Unos días antes, la policía lo había interceptado y arrestado en medio de una turba de señoras indignadas –”¡No vamos a dejar que lo lleven, padre! Son el ejército de Satán”–, tipos a puñetazo limpio contra la patrulla y perros del barrio enardecidos. “¿Por qué me hacen esto frente a los feligreses?”, fue lo único que les dijo Lenny, fiel solo a su personaje. Y así como entró a la comisaría, salió. Y siguió con la farsa.
Dos semanas se había pasado merodeando una parroquia para estudiar de cerca todo –los gestos, los horarios, las rutinas– sobre los hombres de fe. En su investigación de campo, él, que ni heladera tenía en el departamento de recién casados que ocupaba con Honey, se fascinó con unas cuantas ventajas de la vida eclesiástica: los sacerdotes no pagaban impuestos, todos les ofrecían ayuda, no libraban contra ellos multas de tránsito, nadie parecía negarles un favor o, como mínimo, un gesto tibio de cortesía. La cuestión le recordó sus años en la Marina, cuando el uniforme era garantía de aceptación espontánea. Ni dudó la mañana en que entró en el claustro disfrazado de empleado de tintorería y se llevó 12 cuellos clericales de la habitación de un tal ‘monseñor Martin’. “Un cura pidiendo dinero para gente enferma. Imbatible”, pensó, y apuntó a una zona exclusiva de Miami Beach. En los primeros dos días recaudó 5300 dólares, en cheques y efectivo. Era 1951. Diez años después, mientras sobre Nueva York caía una nevada memorable, subió al escenario del Carnegie Hall a medianoche e hizo reír a 2800 personas.
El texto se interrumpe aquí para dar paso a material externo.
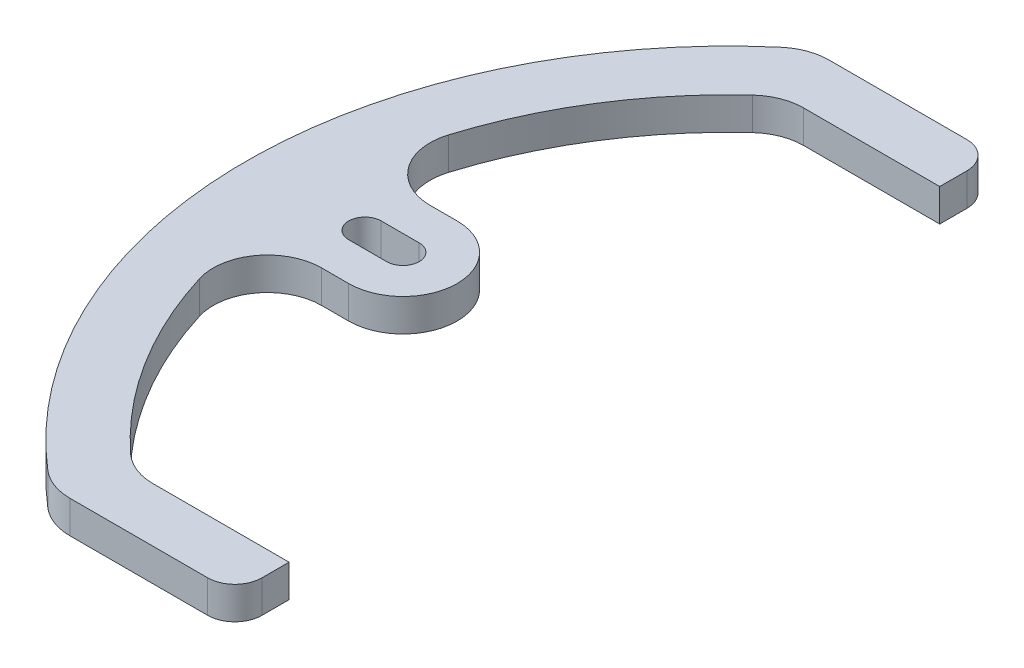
ISO-10303-21;
HEADER;
FILE_DESCRIPTION(('STEP AP214'),'2;1');
FILE_NAME('part.step','',(''),(''),'','','');
FILE_SCHEMA(('AUTOMOTIVE_DESIGN { 1 0 10303 214 1 1 1 1 }'));
ENDSEC;
DATA;
#1=APPLICATION_CONTEXT('core data for automotive mechanical design processes');
#2=APPLICATION_PROTOCOL_DEFINITION('international standard','automotive_design',2000,#1);
#3=PRODUCT_CONTEXT('',#1,'mechanical');
#4=PRODUCT('Part','Part','',(#3));
#5=PRODUCT_RELATED_PRODUCT_CATEGORY('part','',(#4));
#6=PRODUCT_DEFINITION_FORMATION('','',#4);
#7=PRODUCT_DEFINITION_CONTEXT('part definition',#1,'design');
#8=PRODUCT_DEFINITION('design','',#6,#7);
#9=PRODUCT_DEFINITION_SHAPE('','',#8);
#10=(LENGTH_UNIT() NAMED_UNIT(*) SI_UNIT(.MILLI.,.METRE.));
#11=(NAMED_UNIT(*) PLANE_ANGLE_UNIT() SI_UNIT($,.RADIAN.));
#12=(NAMED_UNIT(*) SI_UNIT($,.STERADIAN.) SOLID_ANGLE_UNIT());
#13=UNCERTAINTY_MEASURE_WITH_UNIT(LENGTH_MEASURE(1.E-05),#10,'distance_accuracy_value','');
#14=(GEOMETRIC_REPRESENTATION_CONTEXT(3) GLOBAL_UNCERTAINTY_ASSIGNED_CONTEXT((#13)) GLOBAL_UNIT_ASSIGNED_CONTEXT((#10,
#11,#12)) REPRESENTATION_CONTEXT('',''));
#15=CARTESIAN_POINT('',(0.,0.,0.));
#16=DIRECTION('',(0.,0.,1.));
#17=DIRECTION('',(1.,0.,0.));
#18=AXIS2_PLACEMENT_3D('',#15,#16,#17);
#19=CARTESIAN_POINT('',(-75.,6.,0.));
#20=DIRECTION('',(0.,1.,0.));
#21=DIRECTION('',(0.,0.,1.));
#22=AXIS2_PLACEMENT_3D('',#19,#20,#21);
#23=PLANE('',#22);
#24=CARTESIAN_POINT('',(-75.,6.,0.));
#25=DIRECTION('',(0.,1.,0.));
#26=DIRECTION('',(0.,0.,1.));
#27=AXIS2_PLACEMENT_3D('',#24,#25,#26);
#28=CIRCLE('',#27,9.99999999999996);
#29=CARTESIAN_POINT('',(-75.,6.,9.99999999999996));
#30=VERTEX_POINT('',#29);
#31=CARTESIAN_POINT('',(-75.,6.,-9.99999999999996));
#32=VERTEX_POINT('',#31);
#33=EDGE_CURVE('E274',#30,#32,#28,.T.);
#34=ORIENTED_EDGE('',*,*,#33,.T.);
#35=DIRECTION('',(-1.,0.,0.));
#36=VECTOR('',#35,1.);
#37=CARTESIAN_POINT('',(-75.,6.,-9.99999999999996));
#38=LINE('',#37,#36);
#39=CARTESIAN_POINT('',(-79.9923072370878,6.,-9.99999999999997));
#40=VERTEX_POINT('',#39);
#41=EDGE_CURVE('E277',#32,#40,#38,.T.);
#42=ORIENTED_EDGE('',*,*,#41,.T.);
#43=CARTESIAN_POINT('',(-79.9923072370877,6.,-20.));
#44=DIRECTION('',(0.,-1.,0.));
#45=DIRECTION('',(0.,0.,1.));
#46=AXIS2_PLACEMENT_3D('',#43,#44,#45);
#47=CIRCLE('',#46,10.);
#48=CARTESIAN_POINT('',(-89.5499994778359,6.,-22.9411764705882));
#49=VERTEX_POINT('',#48);
#50=EDGE_CURVE('E279',#40,#49,#47,.T.);
#51=ORIENTED_EDGE('',*,*,#50,.T.);
#52=CARTESIAN_POINT('',(-15.,6.,0.));
#53=DIRECTION('',(0.,-1.,0.));
#54=DIRECTION('',(0.,0.,-1.));
#55=AXIS2_PLACEMENT_3D('',#52,#53,#54);
#56=CIRCLE('',#55,78.);
#57=CARTESIAN_POINT('',(-67.8643560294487,6.,-57.3529411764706));
#58=VERTEX_POINT('',#57);
#59=EDGE_CURVE('E281',#49,#58,#56,.T.);
#60=ORIENTED_EDGE('',*,*,#59,.T.);
#61=CARTESIAN_POINT('',(-61.0868744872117,6.,-50.));
#62=DIRECTION('',(0.,-1.,0.));
#63=DIRECTION('',(0.,0.,-1.));
#64=AXIS2_PLACEMENT_3D('',#61,#62,#63);
#65=CIRCLE('',#64,10.);
#66=CARTESIAN_POINT('',(-61.0868744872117,6.,-60.));
#67=VERTEX_POINT('',#66);
#68=EDGE_CURVE('E283',#58,#67,#65,.T.);
#69=ORIENTED_EDGE('',*,*,#68,.T.);
#70=DIRECTION('',(1.,0.,0.));
#71=VECTOR('',#70,1.);
#72=CARTESIAN_POINT('',(-61.0868744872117,6.,-60.));
#73=LINE('',#72,#71);
#74=CARTESIAN_POINT('',(-36.,6.,-60.));
#75=VERTEX_POINT('',#74);
#76=EDGE_CURVE('E285',#67,#75,#73,.T.);
#77=ORIENTED_EDGE('',*,*,#76,.T.);
#78=DIRECTION('',(0.,0.,-1.));
#79=VECTOR('',#78,1.);
#80=CARTESIAN_POINT('',(-36.,6.,-60.));
#81=LINE('',#80,#79);
#82=CARTESIAN_POINT('',(-36.,6.,-65.));
#83=VERTEX_POINT('',#82);
#84=EDGE_CURVE('E287',#75,#83,#81,.T.);
#85=ORIENTED_EDGE('',*,*,#84,.T.);
#86=CARTESIAN_POINT('',(-41.,6.,-65.));
#87=DIRECTION('',(0.,1.,0.));
#88=DIRECTION('',(0.,0.,-1.));
#89=AXIS2_PLACEMENT_3D('',#86,#87,#88);
#90=CIRCLE('',#89,5.);
#91=CARTESIAN_POINT('',(-41.,6.,-70.));
#92=VERTEX_POINT('',#91);
#93=EDGE_CURVE('E289',#83,#92,#90,.T.);
#94=ORIENTED_EDGE('',*,*,#93,.T.);
#95=DIRECTION('',(-1.,0.,0.));
#96=VECTOR('',#95,1.);
#97=CARTESIAN_POINT('',(-66.3906606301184,6.,-70.));
#98=LINE('',#97,#96);
#99=CARTESIAN_POINT('',(-66.3906606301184,6.,-70.));
#100=VERTEX_POINT('',#99);
#101=EDGE_CURVE('E291',#92,#100,#98,.T.);
#102=ORIENTED_EDGE('',*,*,#101,.T.);
#103=CARTESIAN_POINT('',(-66.3906606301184,6.,-60.));
#104=DIRECTION('',(0.,1.,0.));
#105=DIRECTION('',(0.,0.,1.));
#106=AXIS2_PLACEMENT_3D('',#103,#104,#105);
#107=CIRCLE('',#106,10.);
#108=CARTESIAN_POINT('',(-72.8958075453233,6.,-67.5949367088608));
#109=VERTEX_POINT('',#108);
#110=EDGE_CURVE('E293',#100,#109,#107,.T.);
#111=ORIENTED_EDGE('',*,*,#110,.T.);
#112=CARTESIAN_POINT('',(-15.,6.,0.));
#113=DIRECTION('',(0.,1.,0.));
#114=DIRECTION('',(0.,0.,1.));
#115=AXIS2_PLACEMENT_3D('',#112,#113,#114);
#116=CIRCLE('',#115,89.0000000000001);
#117=CARTESIAN_POINT('',(-72.8958075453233,6.,67.5949367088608));
#118=VERTEX_POINT('',#117);
#119=EDGE_CURVE('E295',#109,#118,#116,.T.);
#120=ORIENTED_EDGE('',*,*,#119,.T.);
#121=CARTESIAN_POINT('',(-66.3906606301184,6.,60.));
#122=DIRECTION('',(0.,1.,0.));
#123=DIRECTION('',(0.,0.,-1.));
#124=AXIS2_PLACEMENT_3D('',#121,#122,#123);
#125=CIRCLE('',#124,10.);
#126=CARTESIAN_POINT('',(-66.3906606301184,6.,70.));
#127=VERTEX_POINT('',#126);
#128=EDGE_CURVE('E297',#118,#127,#125,.T.);
#129=ORIENTED_EDGE('',*,*,#128,.T.);
#130=DIRECTION('',(1.,0.,0.));
#131=VECTOR('',#130,1.);
#132=CARTESIAN_POINT('',(-66.3906606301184,6.,70.));
#133=LINE('',#132,#131);
#134=CARTESIAN_POINT('',(-41.,6.,70.));
#135=VERTEX_POINT('',#134);
#136=EDGE_CURVE('E299',#127,#135,#133,.T.);
#137=ORIENTED_EDGE('',*,*,#136,.T.);
#138=CARTESIAN_POINT('',(-41.,6.,65.));
#139=DIRECTION('',(0.,1.,0.));
#140=DIRECTION('',(0.,0.,1.));
#141=AXIS2_PLACEMENT_3D('',#138,#139,#140);
#142=CIRCLE('',#141,5.);
#143=CARTESIAN_POINT('',(-36.,6.,65.));
#144=VERTEX_POINT('',#143);
#145=EDGE_CURVE('E301',#135,#144,#142,.T.);
#146=ORIENTED_EDGE('',*,*,#145,.T.);
#147=DIRECTION('',(0.,0.,-1.));
#148=VECTOR('',#147,1.);
#149=CARTESIAN_POINT('',(-36.,6.,60.));
#150=LINE('',#149,#148);
#151=CARTESIAN_POINT('',(-36.,6.,60.));
#152=VERTEX_POINT('',#151);
#153=EDGE_CURVE('E303',#144,#152,#150,.T.);
#154=ORIENTED_EDGE('',*,*,#153,.T.);
#155=DIRECTION('',(-1.,0.,0.));
#156=VECTOR('',#155,1.);
#157=CARTESIAN_POINT('',(-61.0868744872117,6.,60.));
#158=LINE('',#157,#156);
#159=CARTESIAN_POINT('',(-61.0868744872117,6.,60.));
#160=VERTEX_POINT('',#159);
#161=EDGE_CURVE('E305',#152,#160,#158,.T.);
#162=ORIENTED_EDGE('',*,*,#161,.T.);
#163=CARTESIAN_POINT('',(-61.0868744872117,6.,50.));
#164=DIRECTION('',(0.,-1.,0.));
#165=DIRECTION('',(0.,0.,1.));
#166=AXIS2_PLACEMENT_3D('',#163,#164,#165);
#167=CIRCLE('',#166,10.);
#168=CARTESIAN_POINT('',(-67.8643560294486,6.,57.3529411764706));
#169=VERTEX_POINT('',#168);
#170=EDGE_CURVE('E307',#160,#169,#167,.T.);
#171=ORIENTED_EDGE('',*,*,#170,.T.);
#172=CARTESIAN_POINT('',(-15.,6.,0.));
#173=DIRECTION('',(0.,-1.,0.));
#174=DIRECTION('',(0.,0.,1.));
#175=AXIS2_PLACEMENT_3D('',#172,#173,#174);
#176=CIRCLE('',#175,78.);
#177=CARTESIAN_POINT('',(-89.5499994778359,6.,22.9411764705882));
#178=VERTEX_POINT('',#177);
#179=EDGE_CURVE('E309',#169,#178,#176,.T.);
#180=ORIENTED_EDGE('',*,*,#179,.T.);
#181=CARTESIAN_POINT('',(-79.9923072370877,6.,20.));
#182=DIRECTION('',(0.,-1.,0.));
#183=DIRECTION('',(0.,0.,-1.));
#184=AXIS2_PLACEMENT_3D('',#181,#182,#183);
#185=CIRCLE('',#184,10.);
#186=CARTESIAN_POINT('',(-79.9923072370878,6.,9.99999999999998));
#187=VERTEX_POINT('',#186);
#188=EDGE_CURVE('E311',#178,#187,#185,.T.);
#189=ORIENTED_EDGE('',*,*,#188,.T.);
#190=DIRECTION('',(1.,0.,0.));
#191=VECTOR('',#190,1.);
#192=CARTESIAN_POINT('',(-75.,6.,9.99999999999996));
#193=LINE('',#192,#191);
#194=EDGE_CURVE('E313',#187,#30,#193,.T.);
#195=ORIENTED_EDGE('',*,*,#194,.T.);
#196=EDGE_LOOP('',(#34,#42,#51,#60,#69,#77,#85,#94,#102,#111,#120,#129,#137,#146,#154,#162,#171,
#180,#189,#195));
#197=FACE_BOUND('',#196,.T.);
#198=DIRECTION('',(-1.,0.,0.));
#199=VECTOR('',#198,1.);
#200=CARTESIAN_POINT('',(-82.,6.,-3.00000000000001));
#201=LINE('',#200,#199);
#202=CARTESIAN_POINT('',(-75.,6.,-3.00000000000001));
#203=VERTEX_POINT('',#202);
#204=CARTESIAN_POINT('',(-82.,6.,-3.00000000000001));
#205=VERTEX_POINT('',#204);
#206=EDGE_CURVE('E224',#203,#205,#201,.T.);
#207=ORIENTED_EDGE('',*,*,#206,.F.);
#208=CARTESIAN_POINT('',(-75.,6.,0.));
#209=DIRECTION('',(0.,1.,0.));
#210=DIRECTION('',(0.,0.,1.));
#211=AXIS2_PLACEMENT_3D('',#208,#209,#210);
#212=CIRCLE('',#211,3.00000000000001);
#213=CARTESIAN_POINT('',(-75.,6.,3.00000000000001));
#214=VERTEX_POINT('',#213);
#215=EDGE_CURVE('E213',#214,#203,#212,.T.);
#216=ORIENTED_EDGE('',*,*,#215,.F.);
#217=DIRECTION('',(1.,0.,0.));
#218=VECTOR('',#217,1.);
#219=CARTESIAN_POINT('',(-75.,6.,3.00000000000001));
#220=LINE('',#219,#218);
#221=CARTESIAN_POINT('',(-82.,6.,3.00000000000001));
#222=VERTEX_POINT('',#221);
#223=EDGE_CURVE('E228',#222,#214,#220,.T.);
#224=ORIENTED_EDGE('',*,*,#223,.F.);
#225=CARTESIAN_POINT('',(-82.,6.,0.));
#226=DIRECTION('',(0.,1.,0.));
#227=DIRECTION('',(0.,0.,1.));
#228=AXIS2_PLACEMENT_3D('',#225,#226,#227);
#229=CIRCLE('',#228,3.00000000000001);
#230=EDGE_CURVE('E226',#205,#222,#229,.T.);
#231=ORIENTED_EDGE('',*,*,#230,.F.);
#232=EDGE_LOOP('',(#207,#216,#224,#231));
#233=FACE_BOUND('',#232,.T.);
#234=ADVANCED_FACE('F37',(#197,#233),#23,.T.);
#235=CARTESIAN_POINT('',(-75.,0.,0.));
#236=DIRECTION('',(0.,1.,0.));
#237=DIRECTION('',(0.,0.,1.));
#238=AXIS2_PLACEMENT_3D('',#235,#236,#237);
#239=PLANE('',#238);
#240=CARTESIAN_POINT('',(-75.,0.,0.));
#241=DIRECTION('',(0.,1.,0.));
#242=DIRECTION('',(0.,0.,1.));
#243=AXIS2_PLACEMENT_3D('',#240,#241,#242);
#244=CIRCLE('',#243,9.99999999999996);
#245=CARTESIAN_POINT('',(-75.,0.,9.99999999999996));
#246=VERTEX_POINT('',#245);
#247=CARTESIAN_POINT('',(-75.,0.,-9.99999999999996));
#248=VERTEX_POINT('',#247);
#249=EDGE_CURVE('E214',#246,#248,#244,.T.);
#250=ORIENTED_EDGE('',*,*,#249,.F.);
#251=DIRECTION('',(1.,0.,0.));
#252=VECTOR('',#251,1.);
#253=CARTESIAN_POINT('',(-75.,0.,9.99999999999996));
#254=LINE('',#253,#252);
#255=CARTESIAN_POINT('',(-79.9923072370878,0.,9.99999999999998));
#256=VERTEX_POINT('',#255);
#257=EDGE_CURVE('E272',#256,#246,#254,.T.);
#258=ORIENTED_EDGE('',*,*,#257,.F.);
#259=CARTESIAN_POINT('',(-79.9923072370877,0.,20.));
#260=DIRECTION('',(0.,-1.,0.));
#261=DIRECTION('',(0.,0.,-1.));
#262=AXIS2_PLACEMENT_3D('',#259,#260,#261);
#263=CIRCLE('',#262,10.);
#264=CARTESIAN_POINT('',(-89.5499994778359,0.,22.9411764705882));
#265=VERTEX_POINT('',#264);
#266=EDGE_CURVE('E270',#265,#256,#263,.T.);
#267=ORIENTED_EDGE('',*,*,#266,.F.);
#268=CARTESIAN_POINT('',(-15.,0.,0.));
#269=DIRECTION('',(0.,-1.,0.));
#270=DIRECTION('',(0.,0.,1.));
#271=AXIS2_PLACEMENT_3D('',#268,#269,#270);
#272=CIRCLE('',#271,78.);
#273=CARTESIAN_POINT('',(-67.8643560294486,0.,57.3529411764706));
#274=VERTEX_POINT('',#273);
#275=EDGE_CURVE('E268',#274,#265,#272,.T.);
#276=ORIENTED_EDGE('',*,*,#275,.F.);
#277=CARTESIAN_POINT('',(-61.0868744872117,0.,50.));
#278=DIRECTION('',(0.,-1.,0.));
#279=DIRECTION('',(0.,0.,1.));
#280=AXIS2_PLACEMENT_3D('',#277,#278,#279);
#281=CIRCLE('',#280,10.);
#282=CARTESIAN_POINT('',(-61.0868744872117,0.,60.));
#283=VERTEX_POINT('',#282);
#284=EDGE_CURVE('E266',#283,#274,#281,.T.);
#285=ORIENTED_EDGE('',*,*,#284,.F.);
#286=DIRECTION('',(-1.,0.,0.));
#287=VECTOR('',#286,1.);
#288=CARTESIAN_POINT('',(-61.0868744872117,0.,60.));
#289=LINE('',#288,#287);
#290=CARTESIAN_POINT('',(-36.,0.,60.));
#291=VERTEX_POINT('',#290);
#292=EDGE_CURVE('E264',#291,#283,#289,.T.);
#293=ORIENTED_EDGE('',*,*,#292,.F.);
#294=DIRECTION('',(0.,0.,-1.));
#295=VECTOR('',#294,1.);
#296=CARTESIAN_POINT('',(-36.,0.,60.));
#297=LINE('',#296,#295);
#298=CARTESIAN_POINT('',(-36.,0.,65.));
#299=VERTEX_POINT('',#298);
#300=EDGE_CURVE('E262',#299,#291,#297,.T.);
#301=ORIENTED_EDGE('',*,*,#300,.F.);
#302=CARTESIAN_POINT('',(-41.,0.,65.));
#303=DIRECTION('',(0.,1.,0.));
#304=DIRECTION('',(0.,0.,1.));
#305=AXIS2_PLACEMENT_3D('',#302,#303,#304);
#306=CIRCLE('',#305,5.);
#307=CARTESIAN_POINT('',(-41.,0.,70.));
#308=VERTEX_POINT('',#307);
#309=EDGE_CURVE('E260',#308,#299,#306,.T.);
#310=ORIENTED_EDGE('',*,*,#309,.F.);
#311=DIRECTION('',(1.,0.,0.));
#312=VECTOR('',#311,1.);
#313=CARTESIAN_POINT('',(-66.3906606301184,0.,70.));
#314=LINE('',#313,#312);
#315=CARTESIAN_POINT('',(-66.3906606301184,0.,70.));
#316=VERTEX_POINT('',#315);
#317=EDGE_CURVE('E258',#316,#308,#314,.T.);
#318=ORIENTED_EDGE('',*,*,#317,.F.);
#319=CARTESIAN_POINT('',(-66.3906606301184,0.,60.));
#320=DIRECTION('',(0.,1.,0.));
#321=DIRECTION('',(0.,0.,-1.));
#322=AXIS2_PLACEMENT_3D('',#319,#320,#321);
#323=CIRCLE('',#322,10.);
#324=CARTESIAN_POINT('',(-72.8958075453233,0.,67.5949367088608));
#325=VERTEX_POINT('',#324);
#326=EDGE_CURVE('E256',#325,#316,#323,.T.);
#327=ORIENTED_EDGE('',*,*,#326,.F.);
#328=CARTESIAN_POINT('',(-15.,0.,0.));
#329=DIRECTION('',(0.,1.,0.));
#330=DIRECTION('',(0.,0.,1.));
#331=AXIS2_PLACEMENT_3D('',#328,#329,#330);
#332=CIRCLE('',#331,89.0000000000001);
#333=CARTESIAN_POINT('',(-72.8958075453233,0.,-67.5949367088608));
#334=VERTEX_POINT('',#333);
#335=EDGE_CURVE('E254',#334,#325,#332,.T.);
#336=ORIENTED_EDGE('',*,*,#335,.F.);
#337=CARTESIAN_POINT('',(-66.3906606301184,0.,-60.));
#338=DIRECTION('',(0.,1.,0.));
#339=DIRECTION('',(0.,0.,1.));
#340=AXIS2_PLACEMENT_3D('',#337,#338,#339);
#341=CIRCLE('',#340,10.);
#342=CARTESIAN_POINT('',(-66.3906606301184,0.,-70.));
#343=VERTEX_POINT('',#342);
#344=EDGE_CURVE('E252',#343,#334,#341,.T.);
#345=ORIENTED_EDGE('',*,*,#344,.F.);
#346=DIRECTION('',(-1.,0.,0.));
#347=VECTOR('',#346,1.);
#348=CARTESIAN_POINT('',(-66.3906606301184,0.,-70.));
#349=LINE('',#348,#347);
#350=CARTESIAN_POINT('',(-41.,0.,-70.));
#351=VERTEX_POINT('',#350);
#352=EDGE_CURVE('E250',#351,#343,#349,.T.);
#353=ORIENTED_EDGE('',*,*,#352,.F.);
#354=CARTESIAN_POINT('',(-41.,0.,-65.));
#355=DIRECTION('',(0.,1.,0.));
#356=DIRECTION('',(0.,0.,-1.));
#357=AXIS2_PLACEMENT_3D('',#354,#355,#356);
#358=CIRCLE('',#357,5.);
#359=CARTESIAN_POINT('',(-36.,0.,-65.));
#360=VERTEX_POINT('',#359);
#361=EDGE_CURVE('E248',#360,#351,#358,.T.);
#362=ORIENTED_EDGE('',*,*,#361,.F.);
#363=DIRECTION('',(0.,0.,-1.));
#364=VECTOR('',#363,1.);
#365=CARTESIAN_POINT('',(-36.,0.,-60.));
#366=LINE('',#365,#364);
#367=CARTESIAN_POINT('',(-36.,0.,-60.));
#368=VERTEX_POINT('',#367);
#369=EDGE_CURVE('E246',#368,#360,#366,.T.);
#370=ORIENTED_EDGE('',*,*,#369,.F.);
#371=DIRECTION('',(1.,0.,0.));
#372=VECTOR('',#371,1.);
#373=CARTESIAN_POINT('',(-61.0868744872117,0.,-60.));
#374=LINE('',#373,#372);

La primera vez que Leonard Schneider fue Lenny Bruce era 1947; fue en un club de Brooklyn, a cambio de 10 dólares y un plato de fideos. “Cuando volví de la guerra nadie me dio un abrazo”, decía al tomar el micrófono en esas tempranas rutinas de stand-up. La mayoría lo consideraba un chiste. No lo era. Tampoco era broma todo lo que seguía, el cuento de la ‘Lady Macbeth náutica’, como le gustaba llamar al episodio que había montado para zafar de la Marina, a los 19. Ocurrió tres años después de haberse alistado como voluntario, cuando el maestro de armas a bordo lo encontró divirtiendo a la tripulación vestido de mujer y lo derivó de urgencia al departamento de psiquiatría del Newport Naval Hospital. “Joven, ¿a usted le gusta usar prendas femeninas? “, le preguntaron ahí los especialistas. “En ocasiones”, les contestó. “¿En qué ocasiones?”. “Cuando me quedan bien”. Cuatro médicos le firmaron la baja deshonrosa en abril de 1945, que él apeló por no haber infringido ninguna regla naval y logró corregir a ‘honorable’.
Pero hasta esa noche de los fideos en Brooklyn, Lenny era Leonard, o Schneider, el hijo único de un vendedor de zapatos ausente y una bailarina tan simpática como caótica; un chico que había crecido solo entre un embrollo de corpiños con lentejuelas descosidas y aros que no combinaban, había huido de casa, trabajado en una granja en Long Island y pensaba que no tenía lo necesario para hacer humor. Recién cuando ganó el Arthur Godfrey’s Talent Scouts, un concurso de televisión para artistas amateur, y llovieron invitaciones para girar por clubes de comedia de todo el país, se convenció de lo contrario. También entendió que ‘algo de talento tendría’ cuando el billete de 10 se multiplicó a 450 dólares por semana, un premio incluso más tranquilizador.
En esa época la conoció. Entró en el Hanson’s, un restaurante de Baltimore donde comía la gente del showbiz, y se encandiló con una pelirroja de uñas largas, melena kilométrica y piel tan blanca que traslucía la red de venas azuladas tejida por debajo. Los presentó el actor Tommy Moe Raft, un amigo en común: “Ella es Harriet Lowe”. Harriet tenía 24 años y no era ‘Harriet’ sino ‘Hot Honey Harlowe’, una stripper de cuerpo exuberante y mirada inocente –la combinación perfecta ‘entre una Madonna y una prostituta de 500 dólares la noche’, pensó Lenny–, que fue desde ese día la mujer con la que más se rio en su vida y la única con la que se animó a dormir hasta la mañana siguiente. Se casaron en la primavera de 1951; la chica siempre había soñado con eso de ser una novia de junio, a June bride; él solo quería consentirla.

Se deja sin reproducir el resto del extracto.